Infants and toddlers are likely to depend on the simpler forms of AT – like towel rolls to provide trunk support when sitting, an infant bathseat used by parents of all babies to provide sitting support in the bathtub, or a homemade communication device. Here’s an info-rich article to help you decide on AT for our little ones that supports their developmental learning.

And how do we train the adults to use the child’s AT?
This research brief, Evidence-Based Strategies for Training Adults to Use AT and Adaptations, summarizes findings from a research synthesis of the effectiveness of different types of practices for promoting practitioner and parent adoption of different kinds of AT and adaptations for young children with disabilities.

16 New Practice Clips.
Thanks, NECTAC, for this item!
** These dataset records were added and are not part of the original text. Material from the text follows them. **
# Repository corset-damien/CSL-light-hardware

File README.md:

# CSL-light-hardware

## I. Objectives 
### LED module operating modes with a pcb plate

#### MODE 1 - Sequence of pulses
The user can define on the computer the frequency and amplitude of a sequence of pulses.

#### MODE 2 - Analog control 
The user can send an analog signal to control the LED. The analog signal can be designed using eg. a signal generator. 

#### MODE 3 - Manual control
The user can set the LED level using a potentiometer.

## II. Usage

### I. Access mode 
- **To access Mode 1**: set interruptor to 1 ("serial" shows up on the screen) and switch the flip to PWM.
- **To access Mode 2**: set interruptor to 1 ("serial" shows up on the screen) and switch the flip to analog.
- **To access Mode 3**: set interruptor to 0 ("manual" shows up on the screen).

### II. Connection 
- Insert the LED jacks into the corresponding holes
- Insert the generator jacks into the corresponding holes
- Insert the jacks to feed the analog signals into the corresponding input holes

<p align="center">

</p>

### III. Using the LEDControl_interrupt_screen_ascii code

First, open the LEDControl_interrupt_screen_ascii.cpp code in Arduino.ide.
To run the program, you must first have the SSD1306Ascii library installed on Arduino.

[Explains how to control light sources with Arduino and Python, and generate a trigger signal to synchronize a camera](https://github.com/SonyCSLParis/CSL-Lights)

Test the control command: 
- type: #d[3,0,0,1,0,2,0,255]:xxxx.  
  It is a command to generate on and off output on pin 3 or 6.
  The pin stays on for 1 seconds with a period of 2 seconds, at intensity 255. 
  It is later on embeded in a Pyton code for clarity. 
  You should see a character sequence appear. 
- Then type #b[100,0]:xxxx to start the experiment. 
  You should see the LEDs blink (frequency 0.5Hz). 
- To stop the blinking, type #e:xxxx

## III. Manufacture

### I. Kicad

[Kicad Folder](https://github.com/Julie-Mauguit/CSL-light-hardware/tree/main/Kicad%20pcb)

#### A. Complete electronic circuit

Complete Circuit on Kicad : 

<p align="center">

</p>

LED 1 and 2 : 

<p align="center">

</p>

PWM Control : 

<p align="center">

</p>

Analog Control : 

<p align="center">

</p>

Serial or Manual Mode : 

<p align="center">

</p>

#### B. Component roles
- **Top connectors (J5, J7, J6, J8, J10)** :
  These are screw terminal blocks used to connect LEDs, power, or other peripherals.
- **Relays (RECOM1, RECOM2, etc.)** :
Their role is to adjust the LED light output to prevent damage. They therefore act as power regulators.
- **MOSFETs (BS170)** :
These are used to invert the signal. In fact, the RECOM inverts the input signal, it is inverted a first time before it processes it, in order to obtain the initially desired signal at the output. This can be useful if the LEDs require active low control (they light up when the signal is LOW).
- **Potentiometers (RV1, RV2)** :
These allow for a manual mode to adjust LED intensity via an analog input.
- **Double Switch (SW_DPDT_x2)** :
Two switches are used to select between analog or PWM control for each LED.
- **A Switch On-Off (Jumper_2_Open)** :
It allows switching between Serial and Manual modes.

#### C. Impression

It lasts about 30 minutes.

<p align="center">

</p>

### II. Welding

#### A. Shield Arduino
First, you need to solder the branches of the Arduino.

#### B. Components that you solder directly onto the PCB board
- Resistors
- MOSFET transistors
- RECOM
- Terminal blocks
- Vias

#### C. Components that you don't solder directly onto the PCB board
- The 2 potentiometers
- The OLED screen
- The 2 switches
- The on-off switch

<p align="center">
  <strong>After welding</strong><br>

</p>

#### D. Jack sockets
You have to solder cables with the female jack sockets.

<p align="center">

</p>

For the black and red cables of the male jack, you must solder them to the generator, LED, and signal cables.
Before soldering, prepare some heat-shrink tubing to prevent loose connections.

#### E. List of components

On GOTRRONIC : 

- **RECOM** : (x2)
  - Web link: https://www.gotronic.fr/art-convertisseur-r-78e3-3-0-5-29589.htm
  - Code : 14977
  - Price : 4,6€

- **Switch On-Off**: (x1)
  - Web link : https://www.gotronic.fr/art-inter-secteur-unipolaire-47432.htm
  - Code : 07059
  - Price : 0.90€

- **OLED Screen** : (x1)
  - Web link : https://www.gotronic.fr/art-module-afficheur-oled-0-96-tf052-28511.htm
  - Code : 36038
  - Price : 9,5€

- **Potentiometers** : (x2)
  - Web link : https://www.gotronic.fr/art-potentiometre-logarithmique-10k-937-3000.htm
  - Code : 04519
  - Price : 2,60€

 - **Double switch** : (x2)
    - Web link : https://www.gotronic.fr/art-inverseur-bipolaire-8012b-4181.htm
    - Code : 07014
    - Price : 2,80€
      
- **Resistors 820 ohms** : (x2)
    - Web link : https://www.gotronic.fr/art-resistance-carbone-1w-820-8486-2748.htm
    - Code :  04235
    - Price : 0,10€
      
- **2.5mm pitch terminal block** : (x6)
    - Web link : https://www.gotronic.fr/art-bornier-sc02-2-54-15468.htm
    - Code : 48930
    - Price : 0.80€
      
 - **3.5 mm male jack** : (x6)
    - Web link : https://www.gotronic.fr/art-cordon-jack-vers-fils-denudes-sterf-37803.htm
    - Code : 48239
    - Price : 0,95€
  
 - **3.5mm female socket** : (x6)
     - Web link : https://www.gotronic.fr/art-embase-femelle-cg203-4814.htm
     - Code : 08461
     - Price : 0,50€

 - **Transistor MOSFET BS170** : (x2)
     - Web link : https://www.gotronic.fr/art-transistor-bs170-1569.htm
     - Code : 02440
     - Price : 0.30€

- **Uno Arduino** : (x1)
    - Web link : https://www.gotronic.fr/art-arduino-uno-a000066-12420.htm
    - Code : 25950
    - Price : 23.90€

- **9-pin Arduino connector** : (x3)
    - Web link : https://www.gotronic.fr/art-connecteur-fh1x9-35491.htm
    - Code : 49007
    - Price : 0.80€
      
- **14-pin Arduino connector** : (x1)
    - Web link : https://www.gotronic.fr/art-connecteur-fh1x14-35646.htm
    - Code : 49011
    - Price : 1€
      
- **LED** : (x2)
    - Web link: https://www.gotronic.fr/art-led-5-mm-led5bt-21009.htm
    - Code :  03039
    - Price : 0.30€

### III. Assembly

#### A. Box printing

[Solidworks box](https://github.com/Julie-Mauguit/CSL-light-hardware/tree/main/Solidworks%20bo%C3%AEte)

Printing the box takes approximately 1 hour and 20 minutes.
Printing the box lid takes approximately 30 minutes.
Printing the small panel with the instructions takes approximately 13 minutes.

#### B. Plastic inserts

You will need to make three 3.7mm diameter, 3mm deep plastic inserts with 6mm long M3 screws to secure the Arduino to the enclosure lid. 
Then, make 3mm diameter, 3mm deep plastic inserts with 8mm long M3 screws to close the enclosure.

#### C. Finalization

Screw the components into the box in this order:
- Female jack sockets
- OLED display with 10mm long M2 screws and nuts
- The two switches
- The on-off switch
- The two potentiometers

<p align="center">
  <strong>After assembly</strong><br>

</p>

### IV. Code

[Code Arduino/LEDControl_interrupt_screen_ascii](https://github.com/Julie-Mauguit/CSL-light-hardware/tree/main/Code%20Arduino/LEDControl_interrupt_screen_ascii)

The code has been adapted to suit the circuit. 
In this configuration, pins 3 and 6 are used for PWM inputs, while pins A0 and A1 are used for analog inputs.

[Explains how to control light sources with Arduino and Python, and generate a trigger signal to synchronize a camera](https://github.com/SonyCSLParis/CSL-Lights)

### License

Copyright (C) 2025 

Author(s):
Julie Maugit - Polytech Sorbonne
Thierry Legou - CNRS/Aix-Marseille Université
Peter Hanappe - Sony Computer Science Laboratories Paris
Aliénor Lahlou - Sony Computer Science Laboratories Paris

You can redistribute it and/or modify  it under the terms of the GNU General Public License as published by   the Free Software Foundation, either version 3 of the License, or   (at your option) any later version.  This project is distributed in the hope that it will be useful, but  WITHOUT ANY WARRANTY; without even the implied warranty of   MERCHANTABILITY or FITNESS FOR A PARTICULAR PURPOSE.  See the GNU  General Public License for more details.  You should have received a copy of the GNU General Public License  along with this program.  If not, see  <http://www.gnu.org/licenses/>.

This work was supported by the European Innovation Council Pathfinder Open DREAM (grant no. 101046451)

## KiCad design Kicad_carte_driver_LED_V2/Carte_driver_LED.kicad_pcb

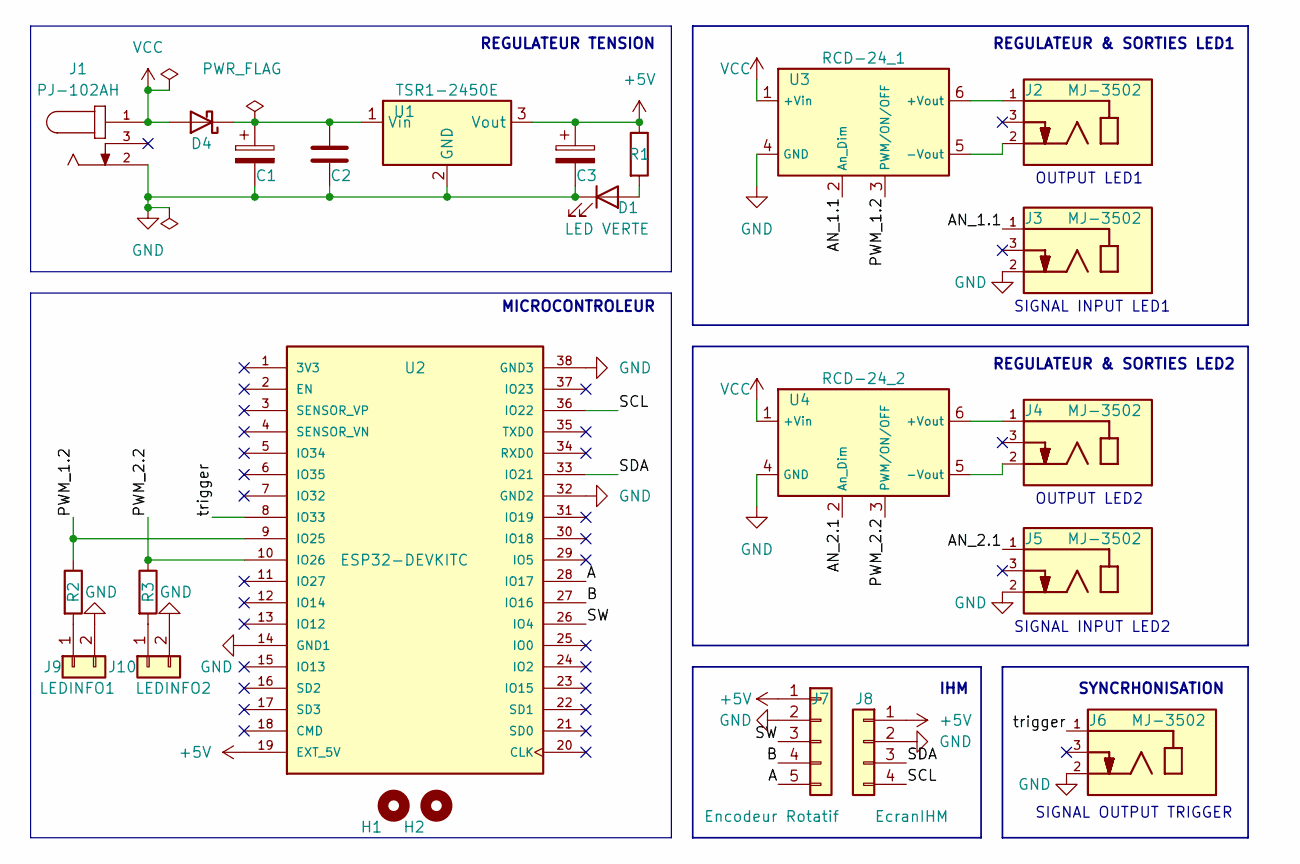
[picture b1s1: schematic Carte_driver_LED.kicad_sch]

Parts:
C1: 10u; CP_Axial_L10.0mm_D6.0mm_P15.00mm_Horizontal
C2: 100n; C_Rect_L7.0mm_W2.5mm_P5.00mm
C3: 100u; CP_Axial_L10.0mm_D6.0mm_P15.00mm_Horizontal
D1: LED VERTE; LED_D3.0mm
D4: D_Schottky; D_DO-41_SOD81_P10.16mm_Horizontal
H1, H2: MountingHole; MountingHole_3.2mm_M3
J1: PJ-102AH; CUI_PJ-102AH
J2, J3, J4, J5, J6: MJ-3502; CUI_MJ-3502; PART_REV A
J7: Encodeur Rotatif; JST_XH_B5B-XH-A_1x05_P2.50mm_Vertical
J8: EcranIHM; JST_XH_B4B-XH-A_1x04_P2.50mm_Vertical
J9: LEDINFO1; JST_XH_B2B-XH-A_1x02_P2.50mm_Vertical
J10: LEDINFO2; JST_XH_B2B-XH-A_1x02_P2.50mm_Vertical
R1: R; R_Axial_DIN0207_L6.3mm_D2.5mm_P7.62mm_Horizontal
R2, R3: R; R_Axial_DIN0207_L6.3mm_D2.5mm_P10.16mm_Horizontal
U1: TSR1-2450E; TSR_2-2450
U2: ESP32-DEVKITC; MODULE_ESP32-DEVKITC; PARTREV N/A
U3: RCD-24_1; CONV_RCD-24-1.20
U4: RCD-24_2; CONV_RCD-24-1.20

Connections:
+5V: C3.1, J7.1, J8.1, R1.1, U1.3 (Vout), U2.19 (EXT_5V)
/A: J7.5, U2.28 (IO17)
/AN_1.1: J3.1, U3.2 (An_Dim)
/AN_2.1: J5.1, U4.2 (An_Dim)
/B: J7.4, U2.27 (IO16)
/PWM_1.2: R2.1, U2.9 (IO25), U3.3 (PWM/ON/OFF)
/PWM_2.2: R3.1, U2.10 (IO26), U4.3 (PWM/ON/OFF)
/SCL: J8.4, U2.36 (IO22)
/SDA: J8.3, U2.33 (IO21)
/SW: J7.3, U2.26 (IO4)
/trigger: J6.1, U2.8 (IO33)
GND: C1.2, C2.2, C3.2, D1.1 (K), J1.2, J3.2, J5.2, J6.2, J7.2, J8.2, J9.2, J10.2, U1.2 (GND), U2.14 (GND1), U2.32 (GND2), U2.38 (GND3), U3.4 (GND), U4.4 (GND)
unnamed: D1.2 (A), R1.2
unnamed: C1.1, C2.1, D4.1 (K), U1.1 (Vin)
unnamed: J9.1, R2.2
unnamed: J10.1, R3.2
unnamed: J2.1, U3.6 (+Vout)
unnamed: J2.2, U3.5 (-Vout)
unnamed: J4.1, U4.6 (+Vout)
unnamed: J4.2, U4.5 (-Vout)
VCC: D4.2 (A), J1.1, U3.1 (+Vin), U4.1 (+Vin)

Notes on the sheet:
SIGNAL INPUT LED1
OUTPUT LED2
SIGNAL OUTPUT TRIGGER
SIGNAL INPUT LED2
REGULATEUR TENSION
MICROCONTROLEUR
SYNCRHONISATION
OUTPUT LED1
IHM
REGULATEUR & SORTIES LED2
REGULATEUR & SORTIES LED1

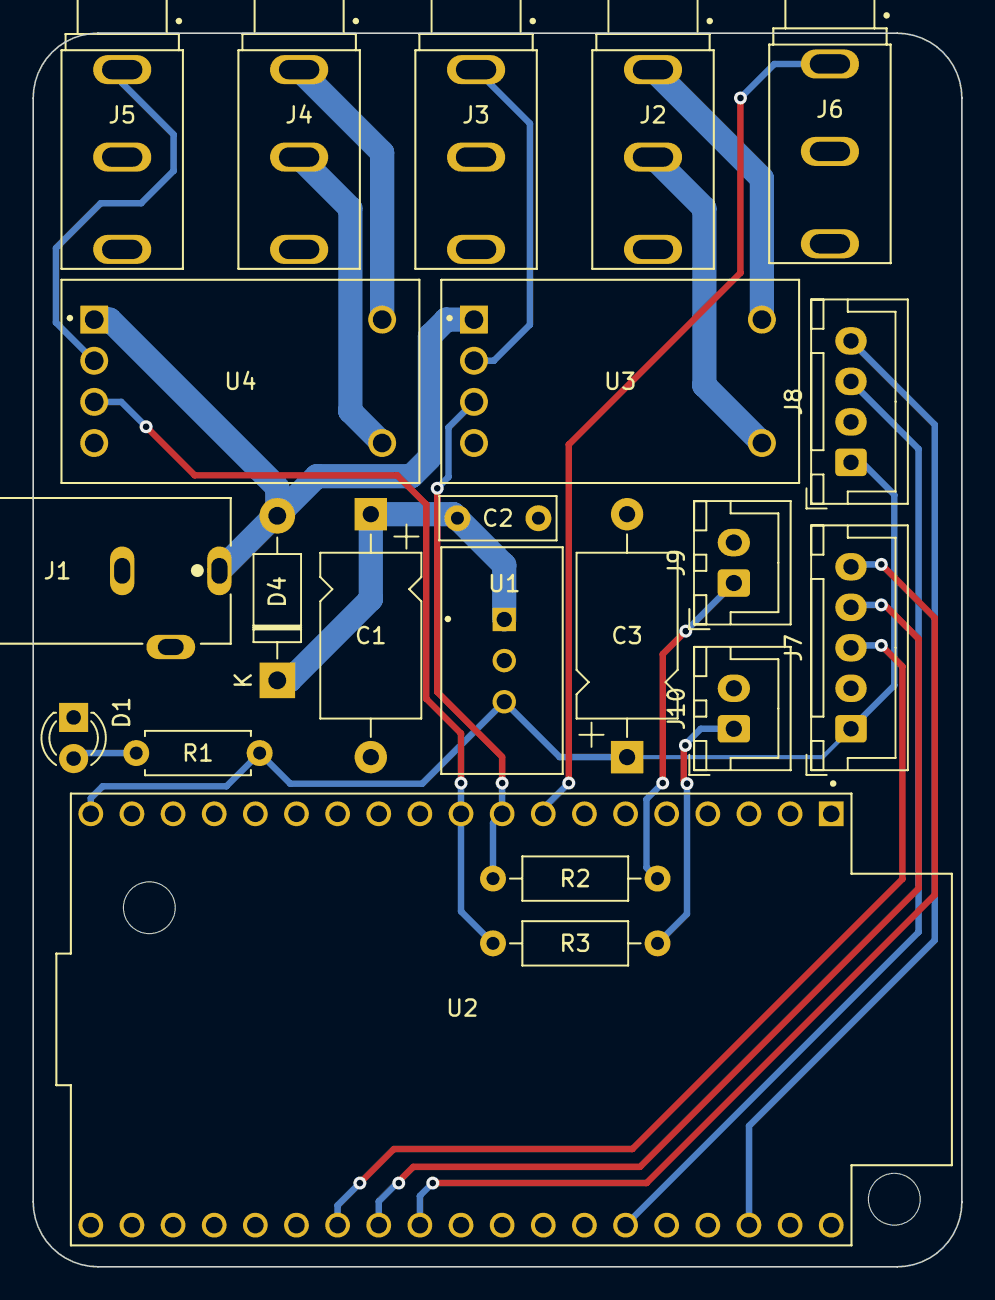
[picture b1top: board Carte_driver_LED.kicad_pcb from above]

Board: 2 copper layers, 57.3 x 76.2 mm, 24 parts (0 on the bottom side), 21 nets.

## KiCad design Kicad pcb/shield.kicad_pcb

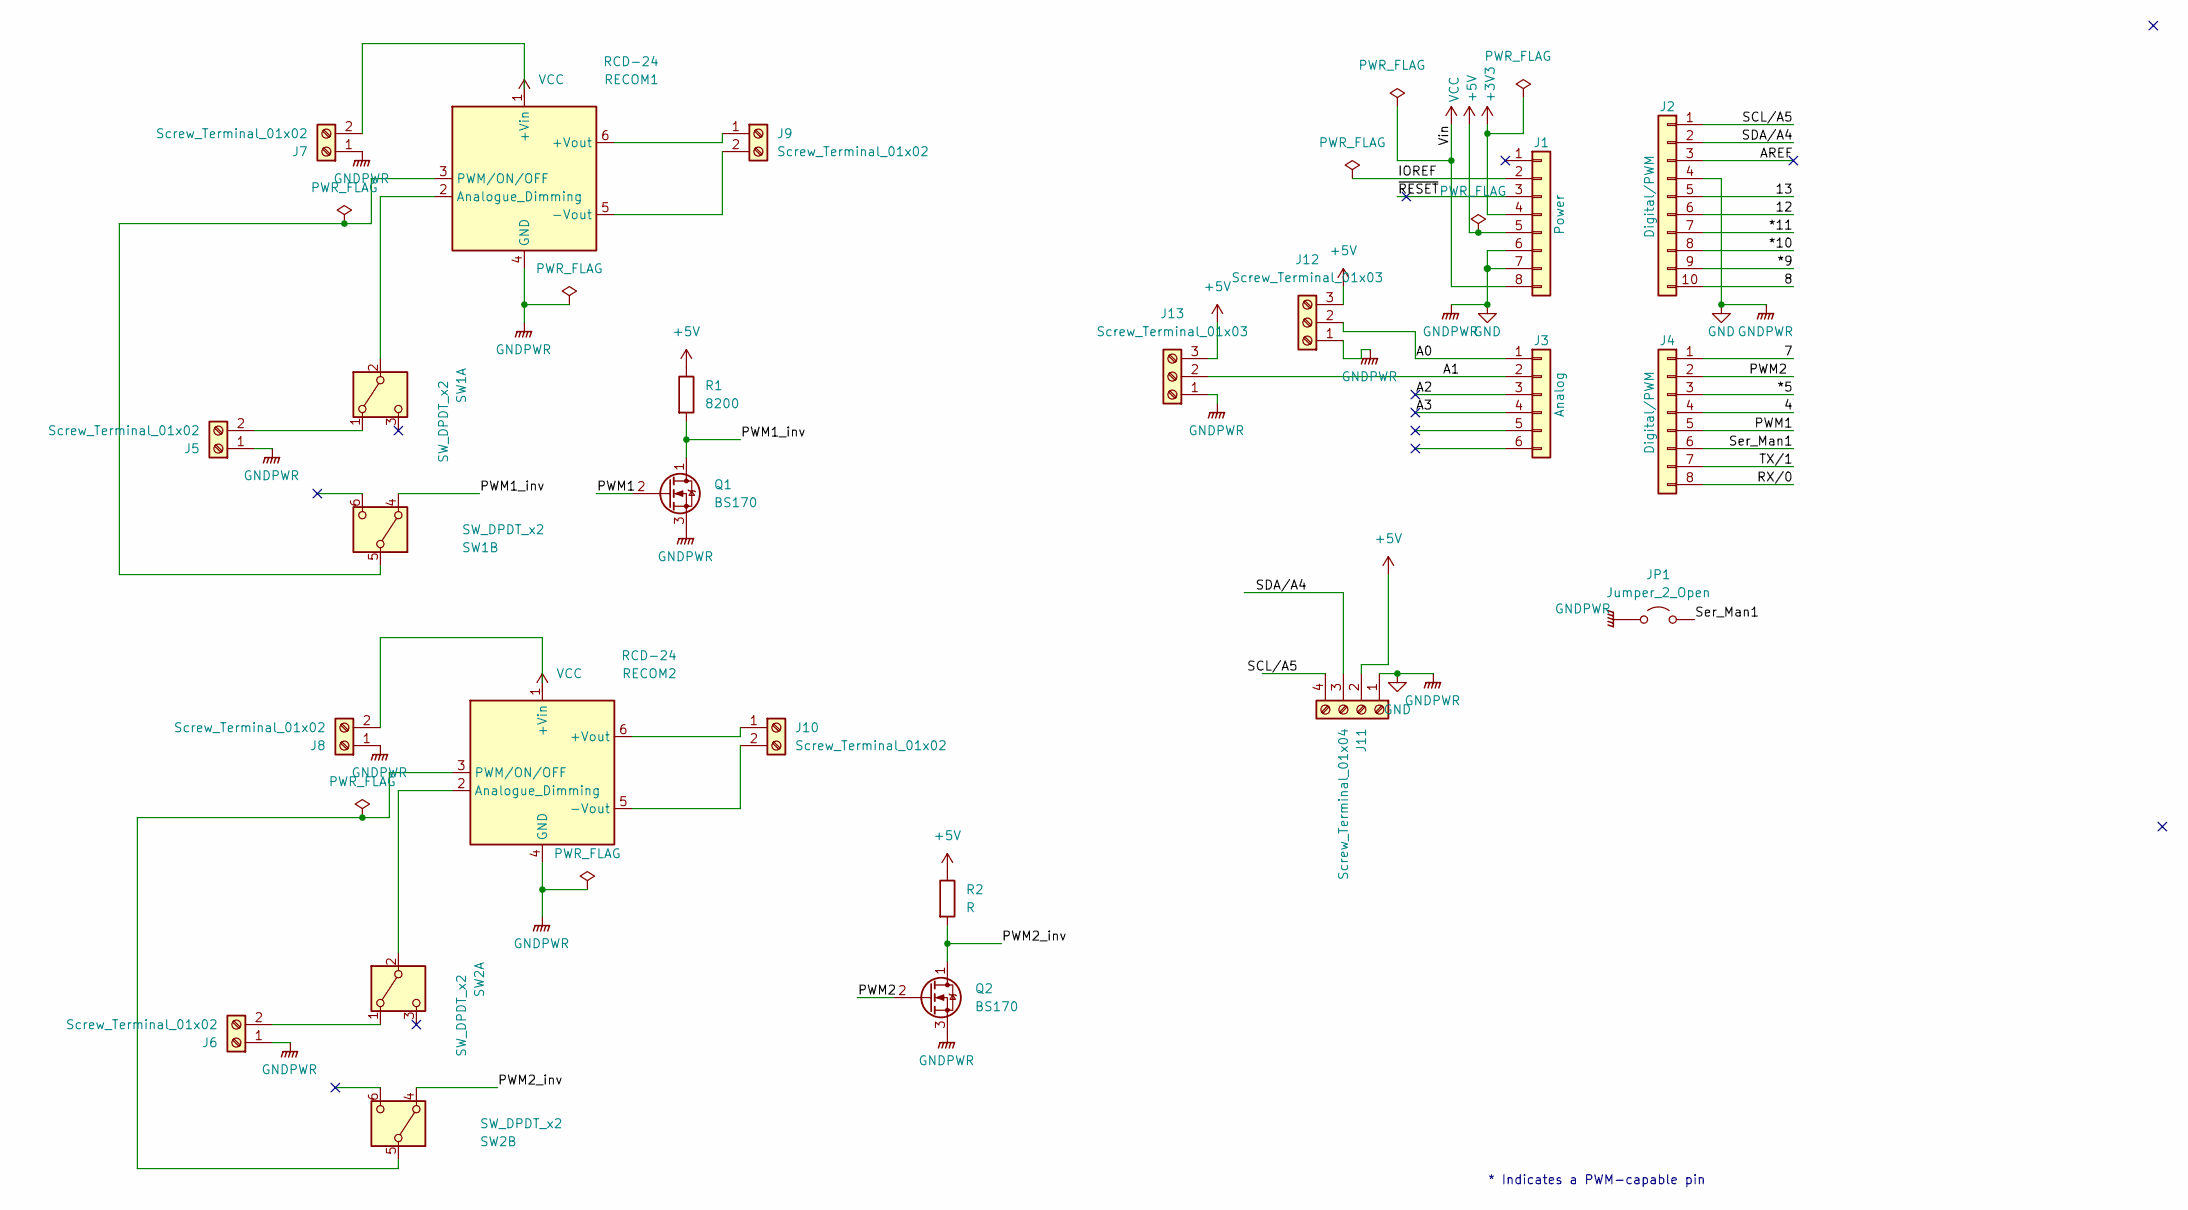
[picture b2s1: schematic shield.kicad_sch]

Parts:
J1: Power; PinSocket_1x08_P2.54mm_Vertical
J2: Digital/PWM; PinSocket_1x10_P2.54mm_Vertical
J3: Analog; PinSocket_1x06_P2.54mm_Vertical
J4: Digital/PWM; PinSocket_1x08_P2.54mm_Vertical
J5, J6, J7, J8, J9, J10: Screw_Terminal_01x02; PinHeader_2x01_P2.54mm_Vertical
J11: Screw_Terminal_01x04; PinHeader_1x04_P2.54mm_Vertical
J12, J13: Screw_Terminal_01x03; PinHeader_1x03_P2.54mm_Vertical
JP1: Jumper_2_Open; SW_DIP_SPSTx01_Slide_9.78x4.72mm_W7.62mm_P2.54mm_modif
Q1, Q2: BS170; TO-92_Inline
R1: 8200; R_Axial_DIN0207_L6.3mm_D2.5mm_P2.54mm_Vertical
R2: R; R_Axial_DIN0207_L6.3mm_D2.5mm_P2.54mm_Vertical
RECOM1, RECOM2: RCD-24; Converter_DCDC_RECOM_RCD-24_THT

The Desired Results access Project, funded by California’s Department of Education, recently added a new “Practice Clips” section to its Digital Video library. The section includes 16 video clips that give early childhood staff with opportunities to practice a variety of skills, including observation, documentation, and assessment. Download the clips free, and use them in educational and professional development activities.

Developmentally Appropriate Practice – New Collection of Resources from NAEYC.
And thanks, NECTAC, for this item, too! The National Association for the Education of Young Children (NAEYC) has developed a new collection of resources on developmentally appropriate practice (DAP), an approach to teaching grounded both in the research on how young children develop and learn and in what is known about effective early education.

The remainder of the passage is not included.